Der Verfallsprozess setzt beim toten Menschen sehr schnell ein – besonders an den eingefallenen Gesichtszügen macht sich das bemerkbar. Wie lange dürfen die Menschen in der Regel tot sein, um an ihnen noch Abdrücke nehmen zu können?

Der Verfallsprozess setzt bei jedem Menschen anders ein. Es kommt darauf an, ob die Person in seiner letzten Lebensphase gesund oder krank war. Aber es stimmt: Zu lange darf man mit dem Abdrucknehmen nicht warten. Unsere Regel ist: maximal zwei bis drei Tage nach Eintritt des Todes. Wenn sich ein Gesicht aber stark verändert hat, fragen wir bei den Angehörigen nach: Schaut euch die veränderten Züge an, seit ihr mit diesem Abbild noch einverstanden. Die ganze Sache ist sehr heikel und wir versuchen, extrem pietätvoll damit umzugehen.

Wenn ein totes Gesicht viele Barthaare oder Falten hat, erschwert das ihre Arbeit?

Überhaupt nicht. Unser Mitarbeiter, der das Verfahren an sich erprobt hat, hat selbst einen Vollbart. Die Haare werden vorher mit Fett eingerieben, damit sich der Abdruck einwandfrei lösen lässt.

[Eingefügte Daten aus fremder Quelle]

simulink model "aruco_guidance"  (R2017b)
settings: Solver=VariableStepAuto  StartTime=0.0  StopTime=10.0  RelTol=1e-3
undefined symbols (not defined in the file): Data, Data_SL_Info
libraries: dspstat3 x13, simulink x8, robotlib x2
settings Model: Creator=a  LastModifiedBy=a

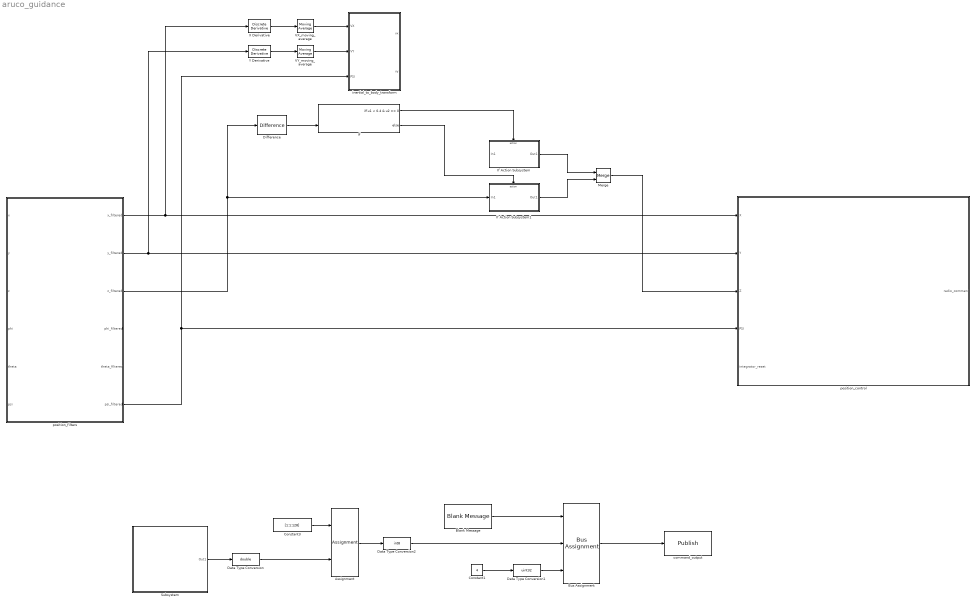
== system aruco_guidance ==
  " VX_moving_average" : dspstat3/Moving Average  Method=Sliding window  SpecifyWindowLength=on  WindowLength=5  ForgettingFactor=0.9  SimulateUsing=Code generation
  " VY_moving_average" : dspstat3/Moving Average  Method=Sliding window  SpecifyWindowLength=on  WindowLength=5  ForgettingFactor=0.9  SimulateUsing=Code generation
  Assignment : Assignment  DiagnosticForDimensions=Warning  IndexOptions=Index vector (dialog)  Indices=[1 2 3 4]  OutputSizes=1
  Blank Message : robotlib/Blank Message  SourceLibraryInfo=This block requires Robotics System Toolbox  messageType=std_msgs/Int8MultiArray  SampleTime=0.05
      settings: SourceProductBaseCode=RO
  Bus Assignment : BusAssignment  AssignedSignals=Data,Data_SL_Info.CurrentLength
  Constant1 : Constant  Value=4
  Constant3 : Constant  Value=[1:1:128]
  Data Type Conversion : DataTypeConversion  OutDataTypeStr=double
  Data Type Conversion1 : DataTypeConversion  OutDataTypeStr=uint32
  Data Type Conversion2 : DataTypeConversion  OutDataTypeStr=int8
  Difference : simulink/Discrete/Difference  ICPrevInput=0.0  OutMin=[]  OutMax=[]  OutDataType=fixdt(1, 16)  OutScaling=2^-10  DoSatur=off
  If : If  NumInputs=2  IfExpression=u1 < 0.4 & u2 == 0
  If Action Subsystem : Subsystem  TreatAsAtomicUnit=on
  If Action Subsystem1 : Subsystem  TreatAsAtomicUnit=on
  Merge : Merge
  Subsystem : Subsystem  mask{red=0.0, green=0.0, blue=15.0, enable=1}
  X Derivative : simulink/Discrete/Discrete Derivative  gainval=1.0  ICPrevScaledInput=0.0  OutMin=[]  OutMax=[]  OutDataType=fixdt(1, 16)  OutScaling=2^-10  DoSatur=off
  Y Derivative : simulink/Discrete/Discrete Derivative  gainval=1.0  ICPrevScaledInput=0.0  OutMin=[]  OutMax=[]  OutDataType=fixdt(1, 16)  OutScaling=2^-10  DoSatur=off
  "command_output " : robotlib/Publish  SourceLibraryInfo=This block requires Robotics System Toolbox  topicSource=Select from ROS network  topic=/quadrotor_1/LED  messageType=std_msgs/Int8MultiArray  messageQueueLength=1
      settings: SourceProductBaseCode=RO
  inertial_to_body_transform : Subsystem
  position_control : Subsystem
  position_filters : Subsystem
  wires:
  position_filters/6(psi_filtered) -> inertial_to_body_transform/3(PSI), position_control/4(PSI)
  If/2 -> If Action Subsystem1/Action
  X Derivative/1 -> " VX_moving_average"/1
  Merge/1 -> position_control/3(Z)
  position_filters/2(y_filtered) -> Y Derivative/1, position_control/2(Y)
  position_filters/1(x_filtered) -> X Derivative/1, position_control/1(X)
  position_filters/3(z_filtered) -> Difference/1, If Action Subsystem1/1(In1)
  " VY_moving_average"/1 -> inertial_to_body_transform/2(VY)
  If Action Subsystem1/1(Out1) -> Merge/2
  If/1 -> If Action Subsystem/Action
  Y Derivative/1 -> " VY_moving_average"/1
  If Action Subsystem/1(Out1) -> Merge/1
  " VX_moving_average"/1 -> inertial_to_body_transform/1(VX)
  ? -> If Action Subsystem/1(In1)
  Difference/1 -> If/2
  Blank Message/1 -> Bus Assignment/1
  Data Type Conversion2/1 -> Bus Assignment/2
  Bus Assignment/1 -> "command_output "/1
  Subsystem/1(Out1) -> Data Type Conversion/1
  Assignment/1 -> Data Type Conversion2/1
  Constant1/1 -> Data Type Conversion1/1
  Data Type Conversion1/1 -> Bus Assignment/3
  Data Type Conversion/1 -> Assignment/2
  Constant3/1 -> Assignment/1

== system aruco_guidance/If Action Subsystem ==
  In1 : Inport
  Action Port : ActionPort  ActionType=then
  Out1 : Outport
  wires:
  In1/1 -> Out1/1

== system aruco_guidance/If Action Subsystem1 ==
  In1 : Inport
  Action Port : ActionPort  ActionType=else
  Out1 : Outport
  wires:
  In1/1 -> Out1/1

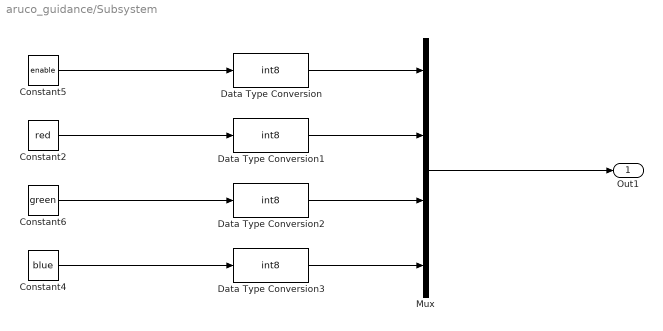
== system aruco_guidance/Subsystem ==
  Constant2 : Constant  Value=red
  Constant4 : Constant  Value=blue
  Constant5 : Constant  Value=enable
  Constant6 : Constant  Value=green
  Data Type Conversion{,1..3} (4 alike) : DataTypeConversion  OutDataTypeStr=int8
  Mux : Mux
  Out1 : Outport
  wires:
  Constant2/1 -> Data Type Conversion1/1
  Mux/1 -> Out1/1
  Constant5/1 -> Data Type Conversion/1
  Constant4/1 -> Data Type Conversion3/1
  Constant6/1 -> Data Type Conversion2/1
  Data Type Conversion/1 -> Mux/1
  Data Type Conversion1/1 -> Mux/2
  Data Type Conversion2/1 -> Mux/3
  Data Type Conversion3/1 -> Mux/4

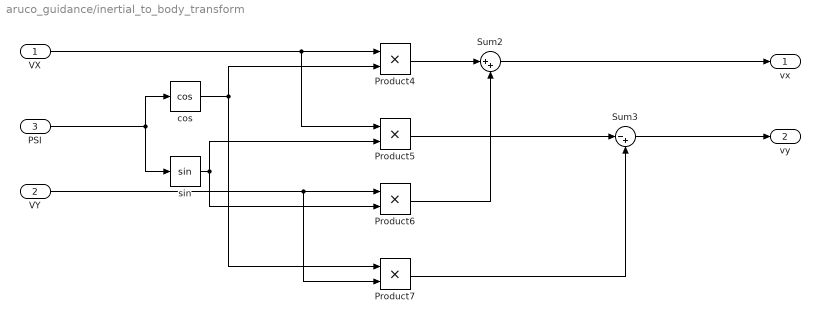
== system aruco_guidance/inertial_to_body_transform ==
  VX : Inport
  VY : Inport  Port=2
  PSI : Inport  Port=3
  Product{4..7} (4 alike) : Product
  Sum2 : Sum  Inputs=|++
  Sum3 : Sum  Inputs=|-+
  cos : Trigonometry  Operator=cos
  sin : Trigonometry
  vx : Outport
  vy : Outport  Port=2
  wires:
  Product5/1 -> Sum3/1
  PSI/1 -> sin/1, cos/1
  cos/1 -> Product7/1, Product4/2
  VY/1 -> Product7/2, Product6/1
  Sum3/1 -> vy/1
  sin/1 -> Product6/2, Product5/2
  VX/1 -> Product5/1, Product4/1
  Product6/1 -> Sum2/2
  Product7/1 -> Sum3/2
  Sum2/1 -> vx/1
  Product4/1 -> Sum2/1

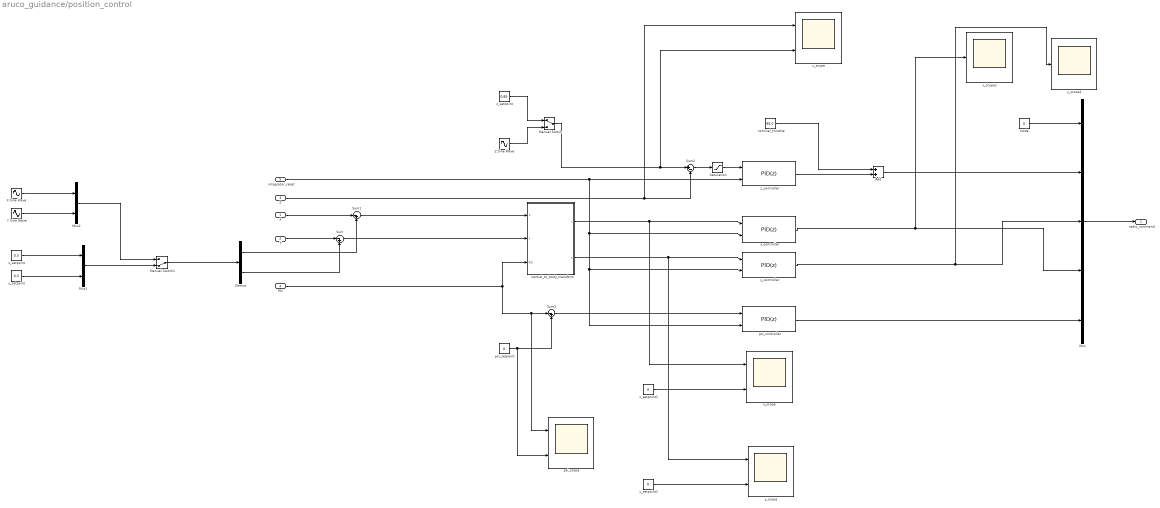
== system aruco_guidance/position_control ==
  X : Inport
  Y : Inport  Port=2
  Z : Inport  Port=3
  PSI : Inport  Port=4
  integrator_reset : Inport  Port=5
  Add : Sum
  Demux : Demux  Outputs=2
  Manual Switch : ManualSwitch
  Manual Switch1 : ManualSwitch  CurrentSetting=0
  Mux : Mux  Inputs=5
  Mux1 : Mux  Inputs=2
  Mux2 : Mux  Inputs=2
  Saturation : Saturate
  Sum : Sum  Inputs=|-+
  Sum1 : Sum  Inputs=|-+
  Sum2 : Sum  Inputs=|+-
  Sum3 : Sum  Inputs=|-+
  X Sine Wave : Sin  Amplitude=0.18  Bias=0.3  Frequency=0.8
  Y Sine Wave : Sin  Amplitude=0.18  Bias=0.3  Frequency=0.8  Phase=pi/2
  Z Sine Wave : Sin  Amplitude=0.1  Bias=0.85
  inertial_to_body_transform : Subsystem
  mode : Constant  Value=0
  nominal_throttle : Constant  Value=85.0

Werden Totenmasken immer gefragter?

Ich glaube, es wird eher der Einzelfall bleiben, denn es ist eine sehr individuelle Form der Trauerverarbeitung. Zumindest solange Totenmasken noch wenig publik sind. Sie werden nie zum Massenprodukt werden. Die Nachfrage herrscht aber querbeet durch die Gesellschaft. Jeder kann sein privates Ritual haben, dafür wollen wir sorgen.